# Thumpin' Mullet Slays 'Em.....



## Kody Emmert (Oct 5, 2007)

I have been catching the fish really good for the past couple of months in various bay systems just haven't had time to post up much lately.....

Well Anyway, I had a chance to head down South to fish Port Mansfield with several of my buddies and their dads. Good times were had, and we boxed really nice fish both days. They were on and off like a light switch, when we caught the outgoing tide right, it was lights out. I think I stopped counting the last morning when I waded a shoreline with a group of actively feeding trout at 19 fish caught and released on tops and thumpin' mullet.

There were several good fish from the 24-27" range caught, and I lost a fish at the net that was in the 29" range. 

We waded the usual spots and really worked to find actively feeding fish. 

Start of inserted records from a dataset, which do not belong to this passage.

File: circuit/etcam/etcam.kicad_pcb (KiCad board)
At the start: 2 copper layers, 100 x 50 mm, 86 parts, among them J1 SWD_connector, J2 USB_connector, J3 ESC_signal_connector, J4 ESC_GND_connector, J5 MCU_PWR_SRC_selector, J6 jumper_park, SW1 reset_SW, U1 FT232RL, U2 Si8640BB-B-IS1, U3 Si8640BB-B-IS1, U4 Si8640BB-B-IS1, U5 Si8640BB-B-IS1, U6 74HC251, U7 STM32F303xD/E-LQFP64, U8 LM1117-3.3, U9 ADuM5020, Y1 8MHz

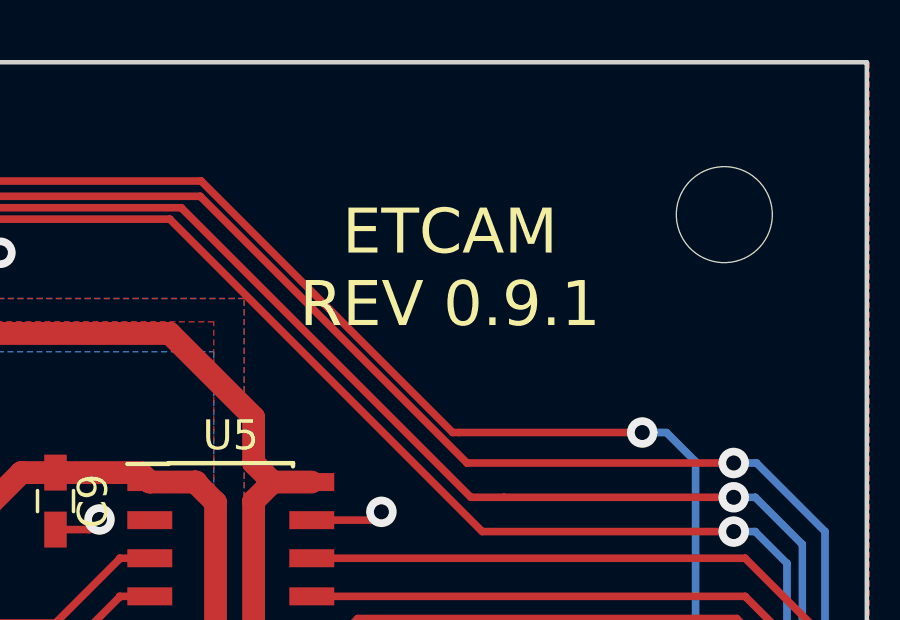
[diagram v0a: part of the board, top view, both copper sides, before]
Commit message: fixed "telementry" to "telemetry" in ETCAM
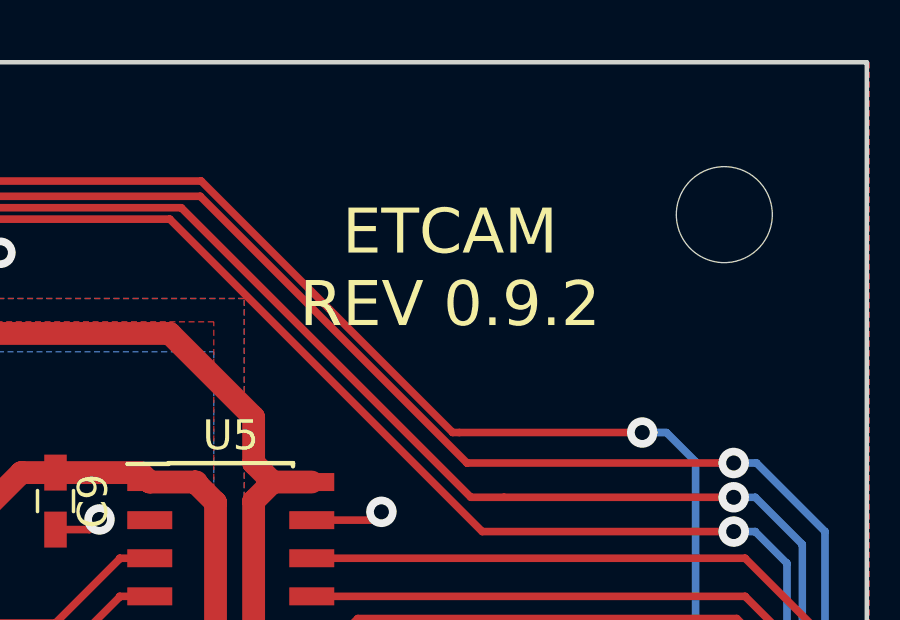
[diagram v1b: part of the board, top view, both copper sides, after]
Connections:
- net /ISOLATED_TELEMENTRY1 renamed /ISOLATED_TELEMETRY1
- net /ISOLATED_TELEMENTRY2 renamed /ISOLATED_TELEMETRY2
- net /ISOLATED_TELEMENTRY3 renamed /ISOLATED_TELEMETRY3
- net /ISOLATED_TELEMENTRY4 renamed /ISOLATED_TELEMETRY4
- net /ISOLATED_TELEMENTRY5 renamed /ISOLATED_TELEMETRY5
- net /ISOLATED_TELEMENTRY6 renamed /ISOLATED_TELEMETRY6
- net /ISOLATED_TELEMENTRY7 renamed /ISOLATED_TELEMETRY7
- net /ISOLATED_TELEMENTRY8 renamed /ISOLATED_TELEMETRY8
- net /controller/TELEMENTRY_SEL0 renamed /controller/TELEMETRY_SEL0
- net /controller/TELEMENTRY_SEL1 renamed /controller/TELEMETRY_SEL1
- net /controller/TELEMENTRY_SEL2 renamed /controller/TELEMETRY_SEL2
- net /isolation_barrier/TELEMENTRY1 renamed /isolation_barrier/TELEMETRY1
- net /isolation_barrier/TELEMENTRY2 renamed /isolation_barrier/TELEMETRY2
- net /isolation_barrier/TELEMENTRY3 renamed /isolation_barrier/TELEMETRY3
- net /isolation_barrier/TELEMENTRY4 renamed /isolation_barrier/TELEMETRY4
- net /isolation_barrier/TELEMENTRY5 renamed /isolation_barrier/TELEMETRY5
- net /isolation_barrier/TELEMENTRY6 renamed /isolation_barrier/TELEMETRY6
- net /isolation_barrier/TELEMENTRY7 renamed /isolation_barrier/TELEMETRY7
- net /isolation_barrier/TELEMENTRY8 renamed /isolation_barrier/TELEMETRY8
- net /telementry_selector/SELECTED_TELEMENTRY renamed /telementry_selector/SELECTED_TELEMETRY
- J2 pad 4: (no net) -> Net-(J2-Pad4)
- J6 pad 1: (no net) -> Net-(J6-Pad1)
- J6 pad 2: (no net) -> Net-(J6-Pad2)
- U1 pad 10: (no net) -> Net-(U1-Pad10)
- U1 pad 11: (no net) -> Net-(U1-Pad11)
- U1 pad 12: (no net) -> Net-(U1-Pad12)
- U1 pad 13: (no net) -> Net-(U1-Pad13)
- U1 pad 14: (no net) -> Net-(U1-Pad14)
- U1 pad 2: (no net) -> Net-(U1-Pad2)
- U1 pad 24: (no net) -> Net-(U1-Pad24)
- U1 pad 27: (no net) -> Net-(U1-Pad27)
- U1 pad 28: (no net) -> Net-(U1-Pad28)
- U1 pad 3: (no net) -> Net-(U1-Pad3)
- U1 pad 6: (no net) -> Net-(U1-Pad6)
- U1 pad 8: (no net) -> Net-(U1-Pad8)
- U1 pad 9: (no net) -> Net-(U1-Pad9)
- U2 pad 7: (no net) -> Net-(U2-Pad7)
- U3 pad 7: (no net) -> Net-(U3-Pad7)
- U4 pad 7: (no net) -> Net-(U4-Pad7)
- U5 pad 7: (no net) -> Net-(U5-Pad7)
- U6 pad 6: (no net) -> Net-(U6-Pad6)
- U7 pad 10: (no net) -> Net-(U7-Pad10)
- U7 pad 11: (no net) -> Net-(U7-Pad11)
- U7 pad 14: (no net) -> Net-(U7-Pad14)
- U7 pad 15: (no net) -> Net-(U7-Pad15)
- U7 pad 16: (no net) -> Net-(U7-Pad16)
- U7 pad 2: (no net) -> Net-(U7-Pad2)
- U7 pad 23: (no net) -> Net-(U7-Pad23)
- U7 pad 24: (no net) -> Net-(U7-Pad24)
- U7 pad 25: (no net) -> Net-(U7-Pad25)
- U7 pad 26: (no net) -> Net-(U7-Pad26)
- U7 pad 27: (no net) -> Net-(U7-Pad27)
- U7 pad 28: (no net) -> Net-(U7-Pad28)
- U7 pad 29: (no net) -> Net-(U7-Pad29)
- U7 pad 3: (no net) -> Net-(U7-Pad3)
- U7 pad 30: (no net) -> Net-(U7-Pad30)
- U7 pad 33: (no net) -> Net-(U7-Pad33)
- U7 pad 34: (no net) -> Net-(U7-Pad34)
- U7 pad 35: (no net) -> Net-(U7-Pad35)
- U7 pad 36: (no net) -> Net-(U7-Pad36)
- U7 pad 4: (no net) -> Net-(U7-Pad4)
- U7 pad 41: (no net) -> Net-(U7-Pad41)
- U7 pad 50: (no net) -> Net-(U7-Pad50)
- U7 pad 51: (no net) -> Net-(U7-Pad51)
- U7 pad 52: (no net) -> Net-(U7-Pad52)
- U7 pad 53: (no net) -> Net-(U7-Pad53)
- U7 pad 54: (no net) -> Net-(U7-Pad54)
- U7 pad 56: (no net) -> Net-(U7-Pad56)
- U7 pad 57: (no net) -> Net-(U7-Pad57)
- U7 pad 8: (no net) -> Net-(U7-Pad8)
- U7 pad 9: (no net) -> Net-(U7-Pad9)
- U9 pad 1: (no net) -> Net-(U9-Pad1)
- U9 pad 10: (no net) -> Net-(U9-Pad10)
- U9 pad 16: (no net) -> Net-(U9-Pad16)
- U9 pad 7: (no net) -> Net-(U9-Pad7)
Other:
- board text added: "ETCAM REV 0.9.2"
- board text removed: "ETCAM REV 0.9.1"

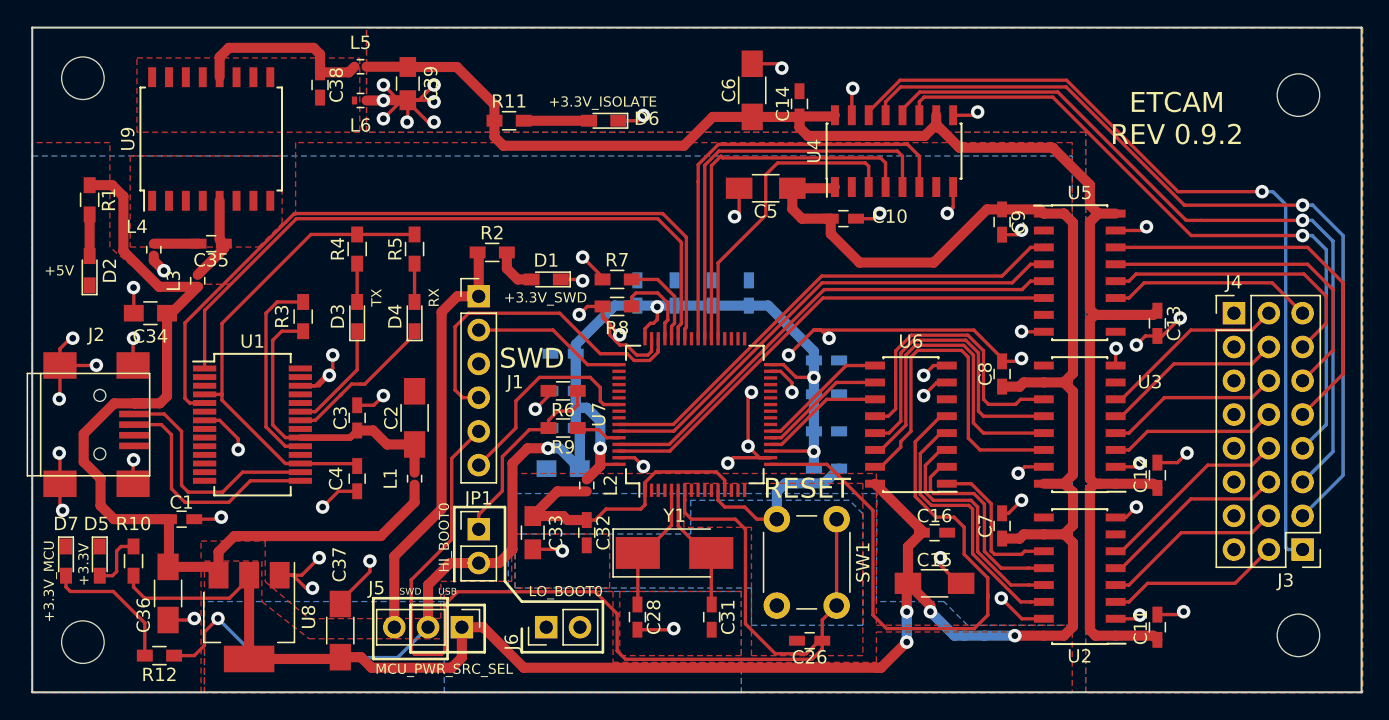
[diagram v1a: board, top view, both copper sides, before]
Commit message: fixed +3.3V_ISOLATOR cut GND_PWR plane in ETCAM PCB
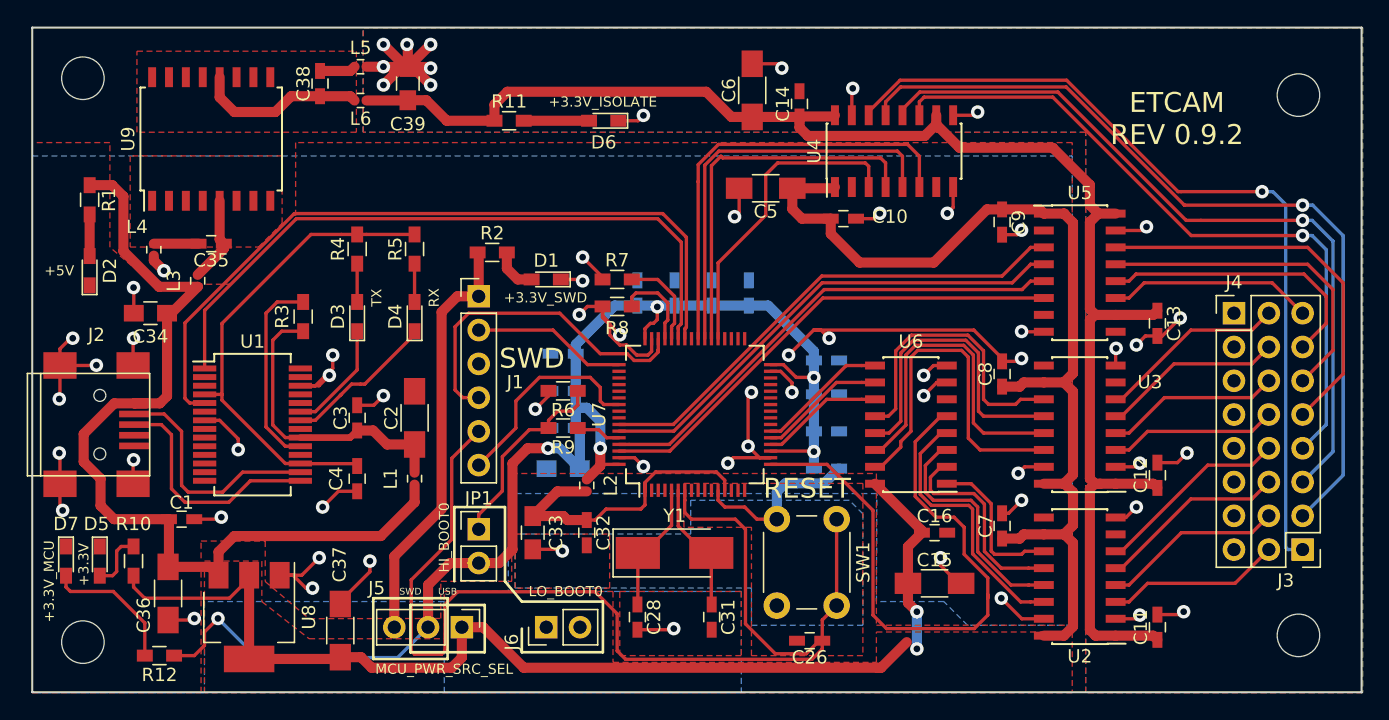
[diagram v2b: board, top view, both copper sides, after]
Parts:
- moved L5 2.54 mm to (117.6, 72.6)
- moved L6 2.54 mm to (117.6, 70.1)
- moved C38 0.10 mm to (114.6, 71.4), turned to 90 degrees
- turned C39 to 90 degrees
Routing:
- net /+3.3V_USB: track 174.1 -> 162.5 mm, vias 4 -> 2
- net Net-(C38-Pad2): track 0.00 -> 2.73 mm
- net /+3.3V_ISOLATOR: track 116.9 -> 115.2 mm
- net Net-(C38-Pad1): track 13.7 -> 12.7 mm

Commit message: rearranged mounting holes of ETCAM PCB
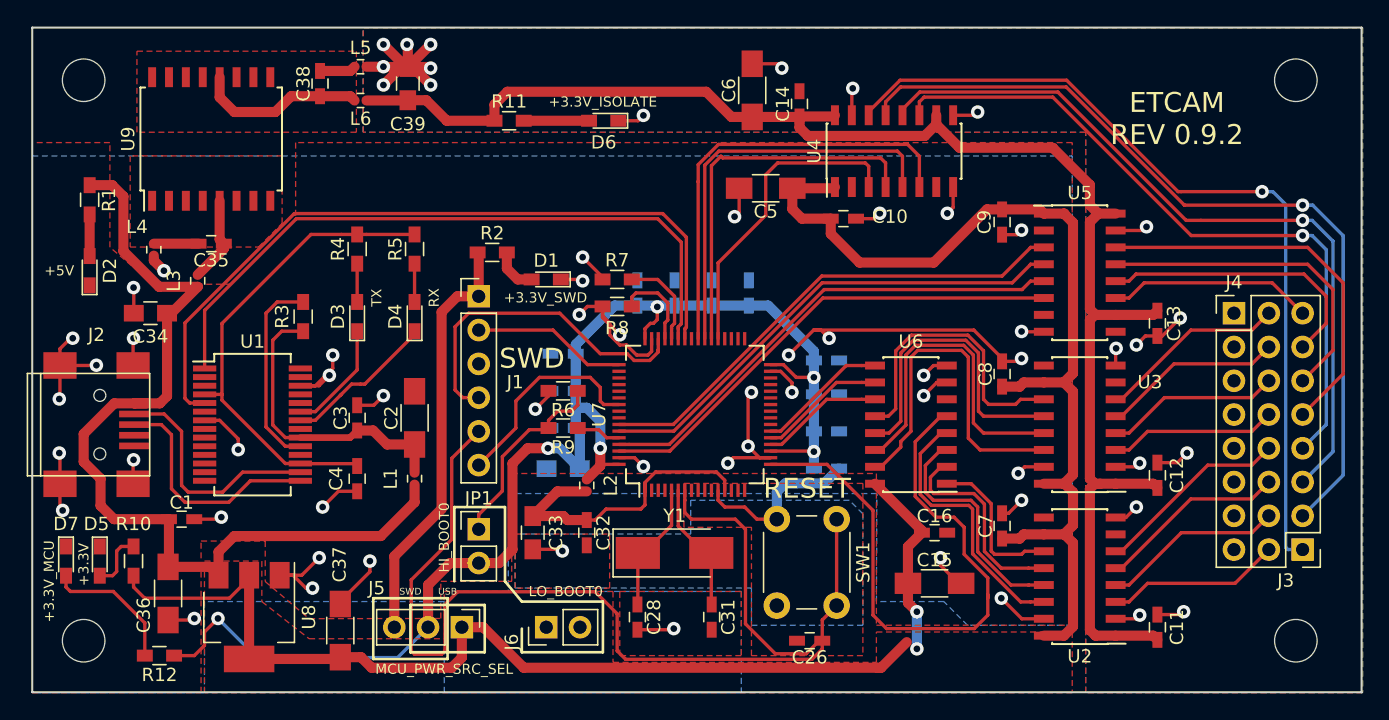
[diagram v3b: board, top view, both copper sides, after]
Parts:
- moved C20 10.0 mm to (152.7, 92.2), turned to 0 degrees
- moved C22 10.0 mm to (144.0, 87.1), turned to 90 degrees
- moved C23 9.55 mm to (141.2, 87.1), turned to 90 degrees
- moved C25 9.55 mm to (132.8, 91.7), turned to 180 degrees
- moved ? 1.14 mm to (188.0, 71.1)
- moved ? 0.45 mm to (188.0, 113.3)
- moved ? 0.16 mm to (96.8, 71.1)
- moved ? 0.12 mm to (96.8, 113.3)
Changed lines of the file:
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@@
   )
   (setup
-    (last_trace_width 0.762)
+    (last_trace_width 0.254)
     (user_trace_width 0.508)
     (user_trace_width 0.762)
@@
     (mod_text_size 1 1)
     (mod_text_width 0.15)
-    (pad_size 1.524 1.524)
-    (pad_drill 0.762)
+    (pad_size 3.2 3.2)
+    (pad_drill 3.2)
     (pad_to_mask_clearance 0.2)
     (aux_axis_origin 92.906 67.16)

I have had the chance to use the new H20 express Thumpin' Mullet and have been slamming them pretty good for the past two weekends in Galveston as well as Mansfield. It is a relatively dense bait and reminds me of a Devil mixed with a tout. It has that notorious big trout slow sink; I used it with an 1/8th oz. BAAD marine jighead and it sank about like a 1/16th oz. It also has a built-in rattle which I felt really helped when the wind churned up the water. It has definately earned it's keep in my wading belt as a good all around bait. I just wish I would have had a camera while wading to show how far it was down their gullets.....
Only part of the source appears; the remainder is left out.